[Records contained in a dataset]
____________
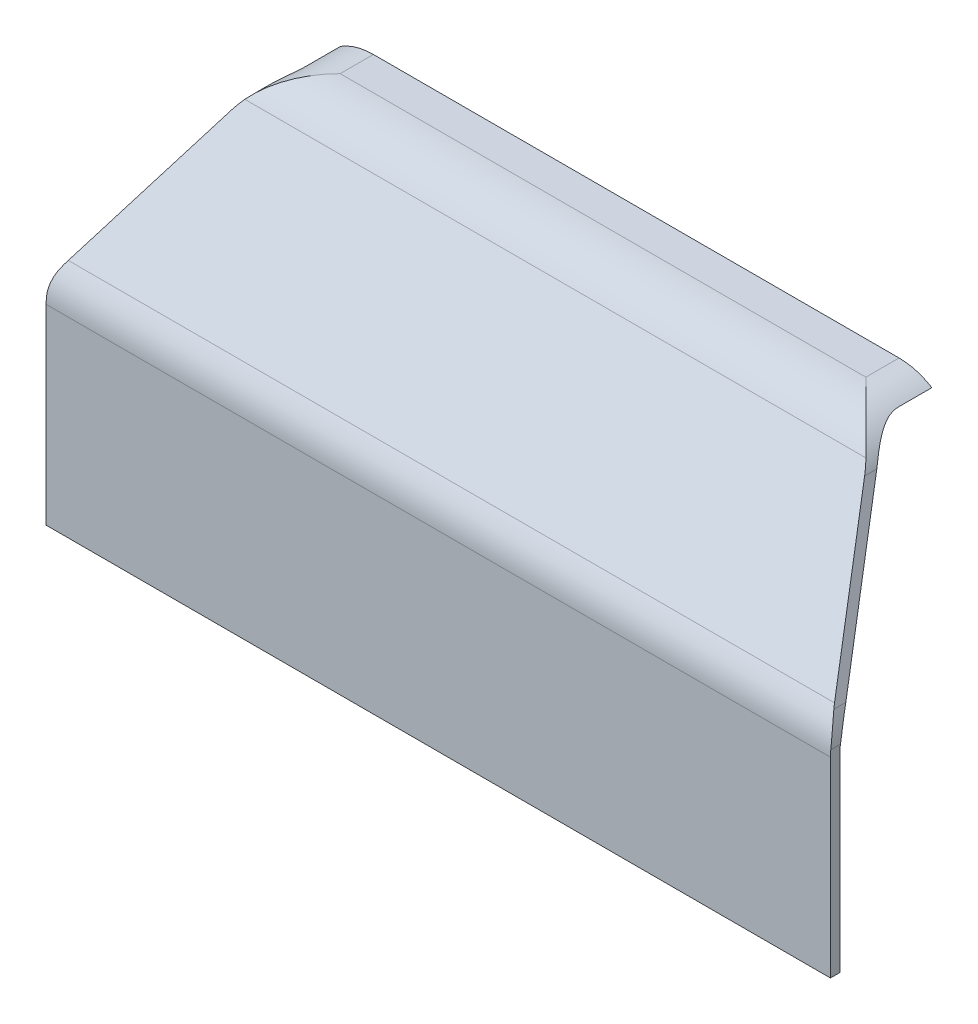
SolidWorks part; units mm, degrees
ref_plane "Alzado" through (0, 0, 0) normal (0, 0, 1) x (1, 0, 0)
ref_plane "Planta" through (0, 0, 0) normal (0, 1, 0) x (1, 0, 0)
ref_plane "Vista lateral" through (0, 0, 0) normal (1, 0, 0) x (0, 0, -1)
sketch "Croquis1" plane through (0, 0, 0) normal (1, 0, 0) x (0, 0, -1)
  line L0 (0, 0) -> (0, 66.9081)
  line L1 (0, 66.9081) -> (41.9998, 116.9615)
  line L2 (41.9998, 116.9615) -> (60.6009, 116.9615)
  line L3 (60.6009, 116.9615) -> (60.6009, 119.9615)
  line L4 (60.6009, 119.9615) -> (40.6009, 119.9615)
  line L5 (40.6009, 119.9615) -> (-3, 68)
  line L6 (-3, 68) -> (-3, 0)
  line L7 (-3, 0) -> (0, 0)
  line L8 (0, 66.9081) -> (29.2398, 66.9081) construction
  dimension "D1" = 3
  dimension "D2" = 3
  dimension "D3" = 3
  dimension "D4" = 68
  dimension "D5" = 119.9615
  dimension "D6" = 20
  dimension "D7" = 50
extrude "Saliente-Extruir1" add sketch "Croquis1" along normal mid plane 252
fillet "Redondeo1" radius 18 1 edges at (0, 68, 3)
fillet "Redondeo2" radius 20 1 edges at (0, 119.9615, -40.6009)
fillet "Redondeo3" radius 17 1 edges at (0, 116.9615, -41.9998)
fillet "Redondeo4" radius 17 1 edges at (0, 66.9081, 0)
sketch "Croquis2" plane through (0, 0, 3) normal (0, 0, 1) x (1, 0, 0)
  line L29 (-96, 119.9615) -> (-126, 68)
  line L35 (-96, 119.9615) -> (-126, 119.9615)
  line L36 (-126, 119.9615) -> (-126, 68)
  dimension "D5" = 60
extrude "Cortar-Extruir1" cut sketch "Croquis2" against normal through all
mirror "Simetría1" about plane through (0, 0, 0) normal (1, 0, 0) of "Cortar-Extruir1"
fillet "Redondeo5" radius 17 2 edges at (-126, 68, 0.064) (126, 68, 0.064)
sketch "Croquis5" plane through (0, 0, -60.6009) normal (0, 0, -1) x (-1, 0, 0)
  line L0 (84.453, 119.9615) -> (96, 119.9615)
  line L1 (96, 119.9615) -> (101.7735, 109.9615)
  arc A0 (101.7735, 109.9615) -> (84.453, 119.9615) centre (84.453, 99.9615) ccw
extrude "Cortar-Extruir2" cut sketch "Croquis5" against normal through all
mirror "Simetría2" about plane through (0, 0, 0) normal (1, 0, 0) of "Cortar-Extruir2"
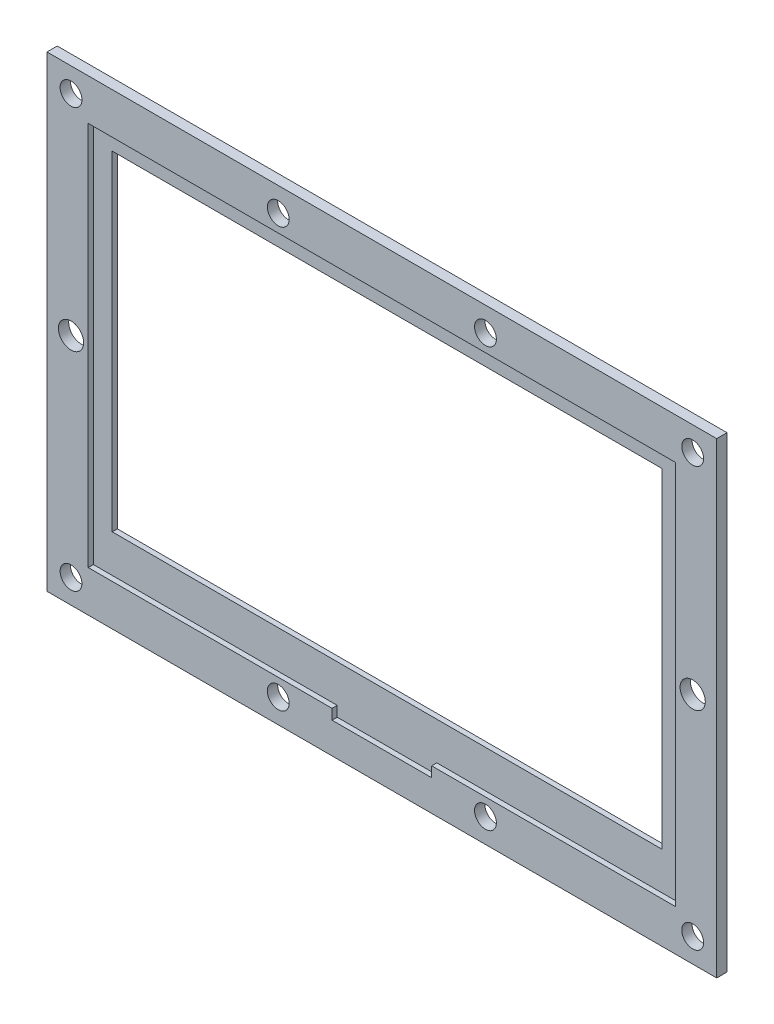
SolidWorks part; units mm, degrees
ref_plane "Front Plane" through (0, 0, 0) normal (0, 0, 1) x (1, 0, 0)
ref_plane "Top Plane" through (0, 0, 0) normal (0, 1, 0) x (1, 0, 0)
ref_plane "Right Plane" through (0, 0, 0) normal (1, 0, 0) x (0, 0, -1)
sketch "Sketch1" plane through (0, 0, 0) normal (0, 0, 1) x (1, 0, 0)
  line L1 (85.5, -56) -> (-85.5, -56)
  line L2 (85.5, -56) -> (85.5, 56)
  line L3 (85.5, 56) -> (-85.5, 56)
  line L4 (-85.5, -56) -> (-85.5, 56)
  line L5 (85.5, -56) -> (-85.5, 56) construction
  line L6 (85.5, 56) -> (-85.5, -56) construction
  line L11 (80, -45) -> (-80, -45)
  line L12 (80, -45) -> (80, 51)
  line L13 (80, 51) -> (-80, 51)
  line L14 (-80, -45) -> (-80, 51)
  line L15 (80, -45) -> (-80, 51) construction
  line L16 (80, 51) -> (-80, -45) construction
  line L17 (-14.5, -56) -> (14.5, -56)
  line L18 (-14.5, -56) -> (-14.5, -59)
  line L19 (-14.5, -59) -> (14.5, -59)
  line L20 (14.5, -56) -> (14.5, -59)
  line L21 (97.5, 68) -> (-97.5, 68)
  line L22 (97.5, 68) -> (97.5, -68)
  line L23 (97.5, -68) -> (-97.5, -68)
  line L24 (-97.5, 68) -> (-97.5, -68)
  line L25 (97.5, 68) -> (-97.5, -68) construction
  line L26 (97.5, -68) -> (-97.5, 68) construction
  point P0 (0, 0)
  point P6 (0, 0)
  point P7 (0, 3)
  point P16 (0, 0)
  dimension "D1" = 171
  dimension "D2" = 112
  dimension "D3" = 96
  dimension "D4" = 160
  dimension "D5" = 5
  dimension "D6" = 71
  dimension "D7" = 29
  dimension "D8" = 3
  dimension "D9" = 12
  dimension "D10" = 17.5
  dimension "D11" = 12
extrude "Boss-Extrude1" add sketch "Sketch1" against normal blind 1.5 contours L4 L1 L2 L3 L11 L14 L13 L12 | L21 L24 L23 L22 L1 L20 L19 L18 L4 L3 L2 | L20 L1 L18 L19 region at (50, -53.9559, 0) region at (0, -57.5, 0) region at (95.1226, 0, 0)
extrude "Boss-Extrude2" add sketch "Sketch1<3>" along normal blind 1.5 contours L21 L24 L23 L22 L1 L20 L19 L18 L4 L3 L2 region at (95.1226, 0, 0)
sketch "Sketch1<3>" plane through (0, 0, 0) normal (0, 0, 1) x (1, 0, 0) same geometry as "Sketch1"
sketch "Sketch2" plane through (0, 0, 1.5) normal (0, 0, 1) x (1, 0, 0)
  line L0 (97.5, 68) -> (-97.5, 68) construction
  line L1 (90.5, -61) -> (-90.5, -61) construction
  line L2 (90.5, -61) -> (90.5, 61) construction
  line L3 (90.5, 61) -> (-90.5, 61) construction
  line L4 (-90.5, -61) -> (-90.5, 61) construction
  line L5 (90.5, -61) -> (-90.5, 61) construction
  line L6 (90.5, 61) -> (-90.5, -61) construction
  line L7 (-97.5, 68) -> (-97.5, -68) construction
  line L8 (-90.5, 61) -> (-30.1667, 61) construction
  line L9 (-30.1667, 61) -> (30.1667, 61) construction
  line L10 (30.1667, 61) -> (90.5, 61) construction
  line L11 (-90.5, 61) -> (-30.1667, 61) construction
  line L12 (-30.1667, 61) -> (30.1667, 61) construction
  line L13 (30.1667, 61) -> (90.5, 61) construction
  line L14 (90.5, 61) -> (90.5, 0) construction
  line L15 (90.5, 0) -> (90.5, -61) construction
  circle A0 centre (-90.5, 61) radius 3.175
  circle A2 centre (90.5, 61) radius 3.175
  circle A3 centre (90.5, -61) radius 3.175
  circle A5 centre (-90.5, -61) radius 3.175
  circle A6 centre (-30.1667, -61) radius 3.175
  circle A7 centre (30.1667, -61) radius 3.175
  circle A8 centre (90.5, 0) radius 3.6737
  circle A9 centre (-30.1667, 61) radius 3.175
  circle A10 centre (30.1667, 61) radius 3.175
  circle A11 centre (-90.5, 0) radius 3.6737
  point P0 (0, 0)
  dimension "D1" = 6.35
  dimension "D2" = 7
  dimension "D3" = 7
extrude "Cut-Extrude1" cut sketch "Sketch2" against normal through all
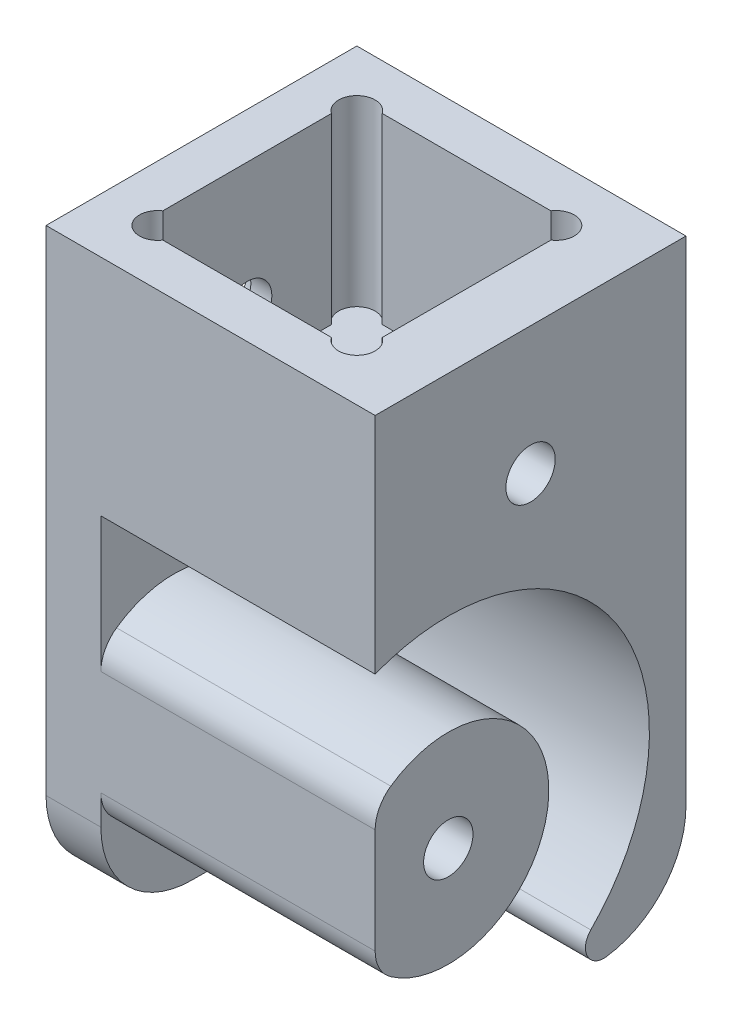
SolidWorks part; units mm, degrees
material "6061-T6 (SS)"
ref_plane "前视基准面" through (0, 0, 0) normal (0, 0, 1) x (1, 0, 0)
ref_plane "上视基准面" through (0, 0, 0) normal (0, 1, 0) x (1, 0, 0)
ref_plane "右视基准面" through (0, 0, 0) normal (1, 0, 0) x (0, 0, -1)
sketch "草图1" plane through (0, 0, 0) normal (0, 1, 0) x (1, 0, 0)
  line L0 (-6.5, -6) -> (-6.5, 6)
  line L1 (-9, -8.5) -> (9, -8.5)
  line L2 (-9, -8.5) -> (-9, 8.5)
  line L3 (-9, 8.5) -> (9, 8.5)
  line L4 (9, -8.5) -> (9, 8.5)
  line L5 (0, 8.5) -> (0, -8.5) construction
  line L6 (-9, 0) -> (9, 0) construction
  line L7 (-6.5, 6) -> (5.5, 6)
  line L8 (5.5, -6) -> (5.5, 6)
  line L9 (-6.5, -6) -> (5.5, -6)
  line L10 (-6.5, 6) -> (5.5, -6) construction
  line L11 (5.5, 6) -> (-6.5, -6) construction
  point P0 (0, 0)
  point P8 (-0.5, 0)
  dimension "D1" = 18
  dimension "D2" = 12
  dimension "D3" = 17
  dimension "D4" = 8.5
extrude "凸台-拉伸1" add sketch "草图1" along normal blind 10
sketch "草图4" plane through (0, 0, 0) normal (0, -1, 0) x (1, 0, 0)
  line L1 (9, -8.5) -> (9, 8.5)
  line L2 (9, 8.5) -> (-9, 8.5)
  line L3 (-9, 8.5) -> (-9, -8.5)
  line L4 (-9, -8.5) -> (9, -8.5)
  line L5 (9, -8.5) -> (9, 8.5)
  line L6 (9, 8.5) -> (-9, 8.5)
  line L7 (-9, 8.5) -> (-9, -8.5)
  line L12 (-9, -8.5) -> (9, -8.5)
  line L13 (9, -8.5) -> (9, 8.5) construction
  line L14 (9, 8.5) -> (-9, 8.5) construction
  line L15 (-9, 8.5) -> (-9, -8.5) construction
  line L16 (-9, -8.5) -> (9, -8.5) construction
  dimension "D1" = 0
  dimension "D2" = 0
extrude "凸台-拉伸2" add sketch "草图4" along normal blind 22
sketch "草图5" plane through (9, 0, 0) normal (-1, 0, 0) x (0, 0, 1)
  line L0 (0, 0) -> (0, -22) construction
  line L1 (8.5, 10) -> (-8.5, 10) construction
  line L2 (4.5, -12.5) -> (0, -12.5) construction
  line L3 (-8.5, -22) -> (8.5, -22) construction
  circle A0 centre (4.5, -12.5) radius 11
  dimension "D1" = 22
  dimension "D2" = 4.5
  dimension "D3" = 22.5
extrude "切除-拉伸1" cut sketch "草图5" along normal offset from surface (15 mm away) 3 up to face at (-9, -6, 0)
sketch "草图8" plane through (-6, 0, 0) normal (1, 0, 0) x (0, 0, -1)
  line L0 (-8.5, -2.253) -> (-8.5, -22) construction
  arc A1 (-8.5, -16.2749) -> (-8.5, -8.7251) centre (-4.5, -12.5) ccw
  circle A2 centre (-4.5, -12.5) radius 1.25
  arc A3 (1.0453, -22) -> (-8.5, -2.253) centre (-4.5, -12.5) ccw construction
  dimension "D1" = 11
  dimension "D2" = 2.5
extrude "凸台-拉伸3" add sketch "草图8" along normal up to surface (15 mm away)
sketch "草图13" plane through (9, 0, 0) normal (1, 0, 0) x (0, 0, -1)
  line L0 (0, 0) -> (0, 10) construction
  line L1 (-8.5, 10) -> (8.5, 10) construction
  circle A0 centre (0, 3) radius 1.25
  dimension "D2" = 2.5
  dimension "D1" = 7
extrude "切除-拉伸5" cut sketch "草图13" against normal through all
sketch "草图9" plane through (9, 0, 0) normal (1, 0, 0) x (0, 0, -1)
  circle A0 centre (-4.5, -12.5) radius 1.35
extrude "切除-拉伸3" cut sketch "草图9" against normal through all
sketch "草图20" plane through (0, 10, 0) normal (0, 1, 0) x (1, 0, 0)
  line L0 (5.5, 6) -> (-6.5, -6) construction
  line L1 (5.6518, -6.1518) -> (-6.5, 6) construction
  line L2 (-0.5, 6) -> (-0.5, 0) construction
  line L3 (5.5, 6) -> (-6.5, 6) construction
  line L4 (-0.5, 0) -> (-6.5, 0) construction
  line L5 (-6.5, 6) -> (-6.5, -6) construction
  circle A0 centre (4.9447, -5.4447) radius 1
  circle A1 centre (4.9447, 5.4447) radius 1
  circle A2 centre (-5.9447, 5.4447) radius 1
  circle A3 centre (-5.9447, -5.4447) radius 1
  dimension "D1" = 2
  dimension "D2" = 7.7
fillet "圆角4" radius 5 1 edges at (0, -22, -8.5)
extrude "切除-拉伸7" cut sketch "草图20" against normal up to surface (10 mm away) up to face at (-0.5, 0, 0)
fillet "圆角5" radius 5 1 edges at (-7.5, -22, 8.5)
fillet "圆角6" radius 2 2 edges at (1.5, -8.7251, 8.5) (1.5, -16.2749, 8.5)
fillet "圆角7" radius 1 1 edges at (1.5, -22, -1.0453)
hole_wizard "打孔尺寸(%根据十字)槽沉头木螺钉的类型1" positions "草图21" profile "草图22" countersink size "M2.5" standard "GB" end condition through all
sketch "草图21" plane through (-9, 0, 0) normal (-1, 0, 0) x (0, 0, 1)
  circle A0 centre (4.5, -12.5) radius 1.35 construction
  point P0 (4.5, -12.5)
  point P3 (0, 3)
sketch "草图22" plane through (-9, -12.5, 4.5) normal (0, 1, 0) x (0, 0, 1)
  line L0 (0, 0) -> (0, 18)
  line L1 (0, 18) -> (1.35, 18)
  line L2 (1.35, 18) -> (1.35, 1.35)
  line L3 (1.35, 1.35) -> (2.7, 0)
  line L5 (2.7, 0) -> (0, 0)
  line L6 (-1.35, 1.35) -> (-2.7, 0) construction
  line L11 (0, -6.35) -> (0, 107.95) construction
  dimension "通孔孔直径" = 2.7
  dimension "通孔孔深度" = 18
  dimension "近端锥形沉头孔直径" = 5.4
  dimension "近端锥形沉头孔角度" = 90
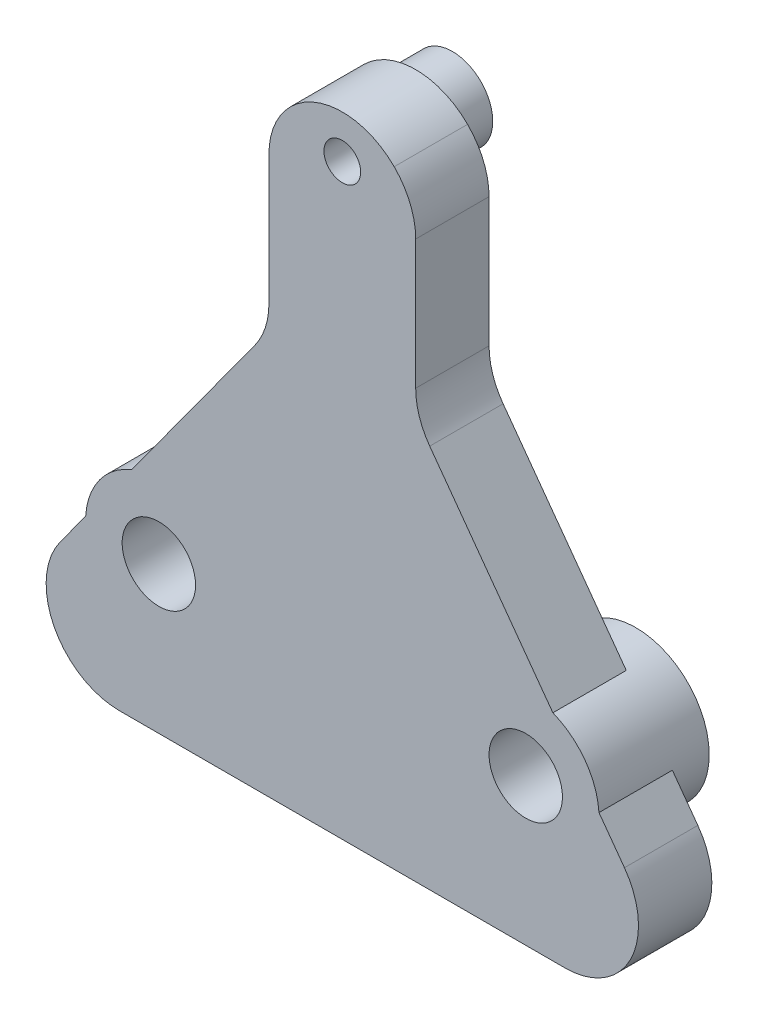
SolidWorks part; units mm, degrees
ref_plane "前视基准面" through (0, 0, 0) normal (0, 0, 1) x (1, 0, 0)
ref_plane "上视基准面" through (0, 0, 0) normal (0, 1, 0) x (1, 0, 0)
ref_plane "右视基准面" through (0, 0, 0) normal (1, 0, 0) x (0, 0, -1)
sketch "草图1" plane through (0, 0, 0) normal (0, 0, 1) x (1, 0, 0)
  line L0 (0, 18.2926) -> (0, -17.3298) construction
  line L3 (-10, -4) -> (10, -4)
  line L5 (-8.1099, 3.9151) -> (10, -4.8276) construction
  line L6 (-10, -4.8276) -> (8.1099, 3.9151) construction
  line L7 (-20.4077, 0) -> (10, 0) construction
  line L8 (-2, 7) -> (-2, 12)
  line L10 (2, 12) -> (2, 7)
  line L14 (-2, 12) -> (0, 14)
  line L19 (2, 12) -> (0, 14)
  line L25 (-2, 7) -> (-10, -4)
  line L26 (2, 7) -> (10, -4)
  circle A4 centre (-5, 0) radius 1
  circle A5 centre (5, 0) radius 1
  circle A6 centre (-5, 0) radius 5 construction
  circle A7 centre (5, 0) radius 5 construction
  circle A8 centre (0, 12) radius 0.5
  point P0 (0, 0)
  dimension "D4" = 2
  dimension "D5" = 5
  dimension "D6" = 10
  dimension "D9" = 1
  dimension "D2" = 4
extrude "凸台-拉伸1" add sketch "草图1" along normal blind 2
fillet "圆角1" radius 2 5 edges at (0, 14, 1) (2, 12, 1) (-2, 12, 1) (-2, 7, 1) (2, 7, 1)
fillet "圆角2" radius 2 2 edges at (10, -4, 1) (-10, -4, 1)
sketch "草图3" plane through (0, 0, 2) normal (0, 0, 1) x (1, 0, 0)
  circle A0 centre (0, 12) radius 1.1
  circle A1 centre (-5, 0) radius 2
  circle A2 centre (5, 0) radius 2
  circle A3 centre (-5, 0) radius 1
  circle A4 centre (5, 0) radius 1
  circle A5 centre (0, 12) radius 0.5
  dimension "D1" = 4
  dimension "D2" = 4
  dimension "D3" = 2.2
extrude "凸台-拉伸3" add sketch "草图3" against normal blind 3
____________
Using the data above, extract exactly the lines from the one that holds "line L4 (9, -8.5) -> (9, 8.5)" to the one that holds "line L5 (9, -8.5) -> (9, 8.5)", both ends included, and no others.

# Solution below
  line L4 (9, -8.5) -> (9, 8.5)
  line L5 (0, 8.5) -> (0, -8.5) construction
  line L6 (-9, 0) -> (9, 0) construction
  line L7 (-6.5, 6) -> (5.5, 6)
  line L8 (5.5, -6) -> (5.5, 6)
  line L9 (-6.5, -6) -> (5.5, -6)
  line L10 (-6.5, 6) -> (5.5, -6) construction
  line L11 (5.5, 6) -> (-6.5, -6) construction
  point P0 (0, 0)
  point P8 (-0.5, 0)
  dimension "D1" = 18
  dimension "D2" = 12
  dimension "D3" = 17
  dimension "D4" = 8.5
extrude "凸台-拉伸1" add sketch "草图1" along normal blind 10
sketch "草图4" plane through (0, 0, 0) normal (0, -1, 0) x (1, 0, 0)
  line L1 (9, -8.5) -> (9, 8.5)
  line L2 (9, 8.5) -> (-9, 8.5)
  line L3 (-9, 8.5) -> (-9, -8.5)
  line L4 (-9, -8.5) -> (9, -8.5)
  line L5 (9, -8.5) -> (9, 8.5)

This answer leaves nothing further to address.